_TASK GOAL_. Output the opening lines of the records exactly. End with the line that contains "line L3 (-110, -100) -> (110, -100)".

#### PROVIDED MATERIAL

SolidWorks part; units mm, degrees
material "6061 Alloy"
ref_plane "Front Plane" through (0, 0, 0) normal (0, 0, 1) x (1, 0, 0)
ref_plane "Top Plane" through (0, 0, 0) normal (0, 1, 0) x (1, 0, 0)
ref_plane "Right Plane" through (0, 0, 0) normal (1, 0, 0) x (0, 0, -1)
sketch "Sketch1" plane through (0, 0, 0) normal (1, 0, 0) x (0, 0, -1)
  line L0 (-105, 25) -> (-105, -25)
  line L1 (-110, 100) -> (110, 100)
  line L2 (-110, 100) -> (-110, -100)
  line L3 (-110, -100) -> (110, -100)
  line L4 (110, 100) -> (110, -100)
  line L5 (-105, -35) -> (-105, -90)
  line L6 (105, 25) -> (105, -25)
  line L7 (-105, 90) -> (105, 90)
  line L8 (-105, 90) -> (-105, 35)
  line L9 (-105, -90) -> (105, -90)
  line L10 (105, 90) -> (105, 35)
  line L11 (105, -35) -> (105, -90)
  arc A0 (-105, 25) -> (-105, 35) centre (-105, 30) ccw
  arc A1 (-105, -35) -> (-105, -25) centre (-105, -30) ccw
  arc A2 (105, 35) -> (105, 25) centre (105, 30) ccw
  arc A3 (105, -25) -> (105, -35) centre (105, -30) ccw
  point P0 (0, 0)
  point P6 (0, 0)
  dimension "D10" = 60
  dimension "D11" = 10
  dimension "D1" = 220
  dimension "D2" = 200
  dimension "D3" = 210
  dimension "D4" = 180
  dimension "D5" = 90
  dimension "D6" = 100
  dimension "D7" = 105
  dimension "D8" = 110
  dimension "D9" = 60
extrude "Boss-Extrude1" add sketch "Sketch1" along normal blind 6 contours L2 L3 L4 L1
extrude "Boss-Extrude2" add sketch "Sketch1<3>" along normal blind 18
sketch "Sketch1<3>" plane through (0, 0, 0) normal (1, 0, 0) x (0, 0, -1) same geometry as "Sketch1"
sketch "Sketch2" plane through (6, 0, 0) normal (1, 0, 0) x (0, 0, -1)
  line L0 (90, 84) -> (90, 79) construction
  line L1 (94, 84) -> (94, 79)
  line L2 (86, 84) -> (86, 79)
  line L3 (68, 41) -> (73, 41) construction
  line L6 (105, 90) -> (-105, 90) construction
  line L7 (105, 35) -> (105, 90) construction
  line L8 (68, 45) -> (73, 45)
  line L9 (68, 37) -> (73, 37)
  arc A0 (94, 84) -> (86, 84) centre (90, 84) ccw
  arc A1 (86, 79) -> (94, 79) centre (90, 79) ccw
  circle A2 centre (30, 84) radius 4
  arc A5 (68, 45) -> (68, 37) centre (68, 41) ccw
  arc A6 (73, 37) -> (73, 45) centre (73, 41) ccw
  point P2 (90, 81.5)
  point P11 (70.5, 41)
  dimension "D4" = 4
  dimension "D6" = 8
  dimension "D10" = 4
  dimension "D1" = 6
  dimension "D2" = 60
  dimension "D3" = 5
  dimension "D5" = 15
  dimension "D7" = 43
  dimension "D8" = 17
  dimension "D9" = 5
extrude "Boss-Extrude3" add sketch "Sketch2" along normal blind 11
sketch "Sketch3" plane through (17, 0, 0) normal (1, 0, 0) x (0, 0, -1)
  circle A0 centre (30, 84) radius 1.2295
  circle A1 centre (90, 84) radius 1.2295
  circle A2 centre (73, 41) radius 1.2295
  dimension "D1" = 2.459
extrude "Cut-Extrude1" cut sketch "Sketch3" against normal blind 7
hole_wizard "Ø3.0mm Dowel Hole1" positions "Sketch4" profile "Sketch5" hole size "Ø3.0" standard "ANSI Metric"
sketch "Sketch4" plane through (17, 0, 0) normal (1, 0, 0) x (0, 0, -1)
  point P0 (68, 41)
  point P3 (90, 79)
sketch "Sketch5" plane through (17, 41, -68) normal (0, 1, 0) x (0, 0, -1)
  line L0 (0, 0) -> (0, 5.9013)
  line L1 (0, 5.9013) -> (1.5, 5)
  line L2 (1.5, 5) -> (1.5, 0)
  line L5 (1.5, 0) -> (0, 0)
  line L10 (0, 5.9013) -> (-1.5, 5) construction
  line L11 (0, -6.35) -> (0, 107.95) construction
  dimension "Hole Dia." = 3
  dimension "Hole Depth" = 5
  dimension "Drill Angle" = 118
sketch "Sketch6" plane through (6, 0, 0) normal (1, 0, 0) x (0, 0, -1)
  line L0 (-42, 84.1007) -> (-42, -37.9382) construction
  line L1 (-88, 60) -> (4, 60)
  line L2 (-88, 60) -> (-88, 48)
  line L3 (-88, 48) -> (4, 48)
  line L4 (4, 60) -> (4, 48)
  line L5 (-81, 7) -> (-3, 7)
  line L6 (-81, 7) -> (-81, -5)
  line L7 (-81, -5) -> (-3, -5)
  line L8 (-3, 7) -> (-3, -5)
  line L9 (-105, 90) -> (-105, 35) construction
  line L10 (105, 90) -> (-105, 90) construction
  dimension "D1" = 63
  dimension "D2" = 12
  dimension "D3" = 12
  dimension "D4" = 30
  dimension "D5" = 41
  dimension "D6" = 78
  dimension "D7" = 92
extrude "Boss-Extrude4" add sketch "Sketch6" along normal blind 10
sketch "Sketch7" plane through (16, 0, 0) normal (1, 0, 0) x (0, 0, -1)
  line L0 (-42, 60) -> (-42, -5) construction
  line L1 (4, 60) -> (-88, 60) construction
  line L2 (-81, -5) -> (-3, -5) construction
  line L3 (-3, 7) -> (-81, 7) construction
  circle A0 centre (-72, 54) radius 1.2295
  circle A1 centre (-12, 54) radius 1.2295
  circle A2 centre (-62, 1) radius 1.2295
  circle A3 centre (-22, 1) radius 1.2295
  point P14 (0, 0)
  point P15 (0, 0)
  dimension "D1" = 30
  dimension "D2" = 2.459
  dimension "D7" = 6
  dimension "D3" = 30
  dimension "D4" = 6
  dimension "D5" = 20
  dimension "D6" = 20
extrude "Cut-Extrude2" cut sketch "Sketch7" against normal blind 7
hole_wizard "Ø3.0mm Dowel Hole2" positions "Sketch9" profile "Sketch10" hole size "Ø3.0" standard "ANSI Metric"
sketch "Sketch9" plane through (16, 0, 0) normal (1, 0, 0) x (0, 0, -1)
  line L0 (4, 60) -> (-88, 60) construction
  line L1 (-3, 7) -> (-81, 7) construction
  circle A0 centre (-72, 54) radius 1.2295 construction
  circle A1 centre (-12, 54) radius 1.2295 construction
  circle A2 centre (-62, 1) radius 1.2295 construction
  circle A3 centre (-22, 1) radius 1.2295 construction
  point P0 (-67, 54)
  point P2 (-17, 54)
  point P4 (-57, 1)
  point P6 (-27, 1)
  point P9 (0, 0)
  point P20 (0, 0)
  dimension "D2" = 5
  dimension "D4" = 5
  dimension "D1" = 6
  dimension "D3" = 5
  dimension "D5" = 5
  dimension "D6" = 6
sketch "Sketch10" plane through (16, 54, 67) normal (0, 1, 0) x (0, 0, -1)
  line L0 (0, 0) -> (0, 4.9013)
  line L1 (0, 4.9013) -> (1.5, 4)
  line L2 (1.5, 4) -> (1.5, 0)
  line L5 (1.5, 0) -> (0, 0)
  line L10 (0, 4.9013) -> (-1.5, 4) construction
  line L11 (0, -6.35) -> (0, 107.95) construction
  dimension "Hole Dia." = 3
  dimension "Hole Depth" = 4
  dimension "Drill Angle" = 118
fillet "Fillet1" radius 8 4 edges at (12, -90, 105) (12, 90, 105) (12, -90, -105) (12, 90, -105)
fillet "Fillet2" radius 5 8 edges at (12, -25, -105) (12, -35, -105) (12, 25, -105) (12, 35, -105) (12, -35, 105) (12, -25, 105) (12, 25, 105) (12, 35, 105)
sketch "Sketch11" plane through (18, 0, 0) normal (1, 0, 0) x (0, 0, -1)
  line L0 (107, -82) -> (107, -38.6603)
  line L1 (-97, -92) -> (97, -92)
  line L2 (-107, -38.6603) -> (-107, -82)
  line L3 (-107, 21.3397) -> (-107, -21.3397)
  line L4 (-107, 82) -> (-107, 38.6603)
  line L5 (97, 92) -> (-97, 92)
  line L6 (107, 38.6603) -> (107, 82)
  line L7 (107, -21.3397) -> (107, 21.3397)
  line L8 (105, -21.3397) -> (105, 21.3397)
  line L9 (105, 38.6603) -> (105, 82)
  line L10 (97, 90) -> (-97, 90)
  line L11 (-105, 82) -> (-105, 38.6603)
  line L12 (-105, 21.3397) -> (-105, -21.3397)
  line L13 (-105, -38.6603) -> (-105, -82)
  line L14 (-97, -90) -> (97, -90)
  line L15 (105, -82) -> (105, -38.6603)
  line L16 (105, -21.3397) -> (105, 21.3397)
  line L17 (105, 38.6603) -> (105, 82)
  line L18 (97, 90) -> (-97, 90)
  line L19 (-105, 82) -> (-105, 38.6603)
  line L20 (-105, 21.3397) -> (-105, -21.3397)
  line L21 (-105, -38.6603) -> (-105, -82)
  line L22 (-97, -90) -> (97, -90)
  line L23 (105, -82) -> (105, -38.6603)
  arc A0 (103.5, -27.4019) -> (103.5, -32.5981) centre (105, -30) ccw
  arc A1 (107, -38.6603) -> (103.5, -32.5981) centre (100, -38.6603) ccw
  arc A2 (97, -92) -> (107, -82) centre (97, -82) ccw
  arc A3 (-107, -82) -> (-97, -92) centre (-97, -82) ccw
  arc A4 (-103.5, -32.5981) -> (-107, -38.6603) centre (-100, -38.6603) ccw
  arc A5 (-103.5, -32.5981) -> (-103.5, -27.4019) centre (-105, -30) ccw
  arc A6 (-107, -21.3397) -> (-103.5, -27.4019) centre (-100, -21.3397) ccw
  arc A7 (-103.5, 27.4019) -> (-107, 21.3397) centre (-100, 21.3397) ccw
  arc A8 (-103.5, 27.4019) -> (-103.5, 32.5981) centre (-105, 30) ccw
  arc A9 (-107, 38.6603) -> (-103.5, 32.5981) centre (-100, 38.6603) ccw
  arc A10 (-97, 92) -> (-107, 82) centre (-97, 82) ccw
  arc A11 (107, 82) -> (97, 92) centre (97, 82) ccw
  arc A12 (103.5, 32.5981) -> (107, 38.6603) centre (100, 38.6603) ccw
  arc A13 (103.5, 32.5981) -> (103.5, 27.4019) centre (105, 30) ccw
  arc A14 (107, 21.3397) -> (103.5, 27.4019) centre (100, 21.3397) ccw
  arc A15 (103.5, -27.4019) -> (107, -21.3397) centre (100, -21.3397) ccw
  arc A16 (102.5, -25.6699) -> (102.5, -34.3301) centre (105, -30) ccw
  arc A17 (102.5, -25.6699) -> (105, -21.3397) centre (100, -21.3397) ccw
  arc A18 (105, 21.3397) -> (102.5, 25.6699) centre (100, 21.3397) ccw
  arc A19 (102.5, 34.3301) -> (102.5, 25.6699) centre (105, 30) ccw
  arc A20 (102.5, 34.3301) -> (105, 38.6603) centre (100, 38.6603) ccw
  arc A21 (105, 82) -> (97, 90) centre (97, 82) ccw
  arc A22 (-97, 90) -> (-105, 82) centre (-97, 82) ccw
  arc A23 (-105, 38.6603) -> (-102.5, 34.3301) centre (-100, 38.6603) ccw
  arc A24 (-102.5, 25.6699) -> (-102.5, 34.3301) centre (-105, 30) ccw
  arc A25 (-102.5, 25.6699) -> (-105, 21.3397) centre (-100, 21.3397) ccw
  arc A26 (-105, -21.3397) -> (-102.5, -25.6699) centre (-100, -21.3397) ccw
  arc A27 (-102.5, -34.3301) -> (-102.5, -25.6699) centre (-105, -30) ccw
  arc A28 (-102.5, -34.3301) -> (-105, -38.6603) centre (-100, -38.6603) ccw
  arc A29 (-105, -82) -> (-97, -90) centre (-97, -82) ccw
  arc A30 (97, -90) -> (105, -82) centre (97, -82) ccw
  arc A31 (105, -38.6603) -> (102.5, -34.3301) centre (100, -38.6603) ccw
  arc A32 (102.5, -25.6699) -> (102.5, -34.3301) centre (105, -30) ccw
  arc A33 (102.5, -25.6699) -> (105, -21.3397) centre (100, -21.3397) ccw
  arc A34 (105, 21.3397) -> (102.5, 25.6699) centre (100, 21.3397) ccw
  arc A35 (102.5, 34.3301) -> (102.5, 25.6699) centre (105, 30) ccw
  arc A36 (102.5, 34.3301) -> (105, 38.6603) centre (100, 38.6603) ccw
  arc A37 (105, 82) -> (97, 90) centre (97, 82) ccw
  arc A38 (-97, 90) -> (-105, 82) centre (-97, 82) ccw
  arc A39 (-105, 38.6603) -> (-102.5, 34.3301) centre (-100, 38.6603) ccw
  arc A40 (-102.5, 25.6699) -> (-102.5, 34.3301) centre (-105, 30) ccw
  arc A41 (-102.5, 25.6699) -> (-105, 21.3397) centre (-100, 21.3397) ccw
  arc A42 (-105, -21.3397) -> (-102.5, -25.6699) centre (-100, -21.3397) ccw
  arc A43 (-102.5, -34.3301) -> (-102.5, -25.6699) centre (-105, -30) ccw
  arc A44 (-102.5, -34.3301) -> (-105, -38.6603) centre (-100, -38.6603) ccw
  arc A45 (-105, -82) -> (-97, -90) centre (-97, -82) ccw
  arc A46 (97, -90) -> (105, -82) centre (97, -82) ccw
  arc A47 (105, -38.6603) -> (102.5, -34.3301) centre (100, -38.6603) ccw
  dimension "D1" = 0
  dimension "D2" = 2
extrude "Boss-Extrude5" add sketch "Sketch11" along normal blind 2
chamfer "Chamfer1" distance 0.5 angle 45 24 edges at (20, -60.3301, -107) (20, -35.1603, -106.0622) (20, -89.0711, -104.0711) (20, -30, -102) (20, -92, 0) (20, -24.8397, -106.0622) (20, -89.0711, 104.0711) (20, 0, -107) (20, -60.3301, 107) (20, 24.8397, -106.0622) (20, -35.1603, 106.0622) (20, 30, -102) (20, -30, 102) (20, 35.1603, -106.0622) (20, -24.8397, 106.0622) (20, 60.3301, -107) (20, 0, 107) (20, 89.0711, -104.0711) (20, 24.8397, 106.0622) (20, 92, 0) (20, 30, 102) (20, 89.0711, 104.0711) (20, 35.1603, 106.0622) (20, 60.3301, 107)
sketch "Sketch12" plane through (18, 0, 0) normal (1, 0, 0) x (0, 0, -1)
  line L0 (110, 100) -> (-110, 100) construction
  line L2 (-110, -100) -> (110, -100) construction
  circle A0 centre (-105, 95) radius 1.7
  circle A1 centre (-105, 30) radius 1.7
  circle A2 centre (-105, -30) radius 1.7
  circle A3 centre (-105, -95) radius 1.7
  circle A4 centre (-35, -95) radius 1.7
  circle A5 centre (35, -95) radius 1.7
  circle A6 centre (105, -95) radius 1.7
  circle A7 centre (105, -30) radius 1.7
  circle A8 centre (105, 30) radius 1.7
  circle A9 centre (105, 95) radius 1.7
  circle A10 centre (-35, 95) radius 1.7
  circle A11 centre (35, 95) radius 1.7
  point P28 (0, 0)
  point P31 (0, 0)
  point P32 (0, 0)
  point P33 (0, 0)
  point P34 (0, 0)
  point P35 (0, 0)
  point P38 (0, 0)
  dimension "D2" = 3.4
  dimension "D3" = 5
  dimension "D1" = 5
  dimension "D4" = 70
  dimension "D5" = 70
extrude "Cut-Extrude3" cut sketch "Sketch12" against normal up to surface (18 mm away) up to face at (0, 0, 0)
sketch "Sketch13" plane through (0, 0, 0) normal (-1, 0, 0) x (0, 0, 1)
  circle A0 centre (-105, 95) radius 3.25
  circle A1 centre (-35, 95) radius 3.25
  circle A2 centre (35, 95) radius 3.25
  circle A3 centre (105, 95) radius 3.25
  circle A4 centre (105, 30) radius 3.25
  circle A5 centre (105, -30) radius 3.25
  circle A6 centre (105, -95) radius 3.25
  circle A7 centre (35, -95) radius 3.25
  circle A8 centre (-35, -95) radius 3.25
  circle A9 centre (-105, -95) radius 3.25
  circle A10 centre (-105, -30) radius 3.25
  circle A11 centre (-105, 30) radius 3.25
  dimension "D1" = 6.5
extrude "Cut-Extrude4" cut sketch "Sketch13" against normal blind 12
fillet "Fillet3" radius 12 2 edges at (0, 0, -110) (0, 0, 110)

########

_ANSWER BELOW_.
SolidWorks part; units mm, degrees
material "6061 Alloy"
ref_plane "Front Plane" through (0, 0, 0) normal (0, 0, 1) x (1, 0, 0)
ref_plane "Top Plane" through (0, 0, 0) normal (0, 1, 0) x (1, 0, 0)
ref_plane "Right Plane" through (0, 0, 0) normal (1, 0, 0) x (0, 0, -1)
sketch "Sketch1" plane through (0, 0, 0) normal (1, 0, 0) x (0, 0, -1)
  line L0 (-105, 25) -> (-105, -25)
  line L1 (-110, 100) -> (110, 100)
  line L2 (-110, 100) -> (-110, -100)
  line L3 (-110, -100) -> (110, -100)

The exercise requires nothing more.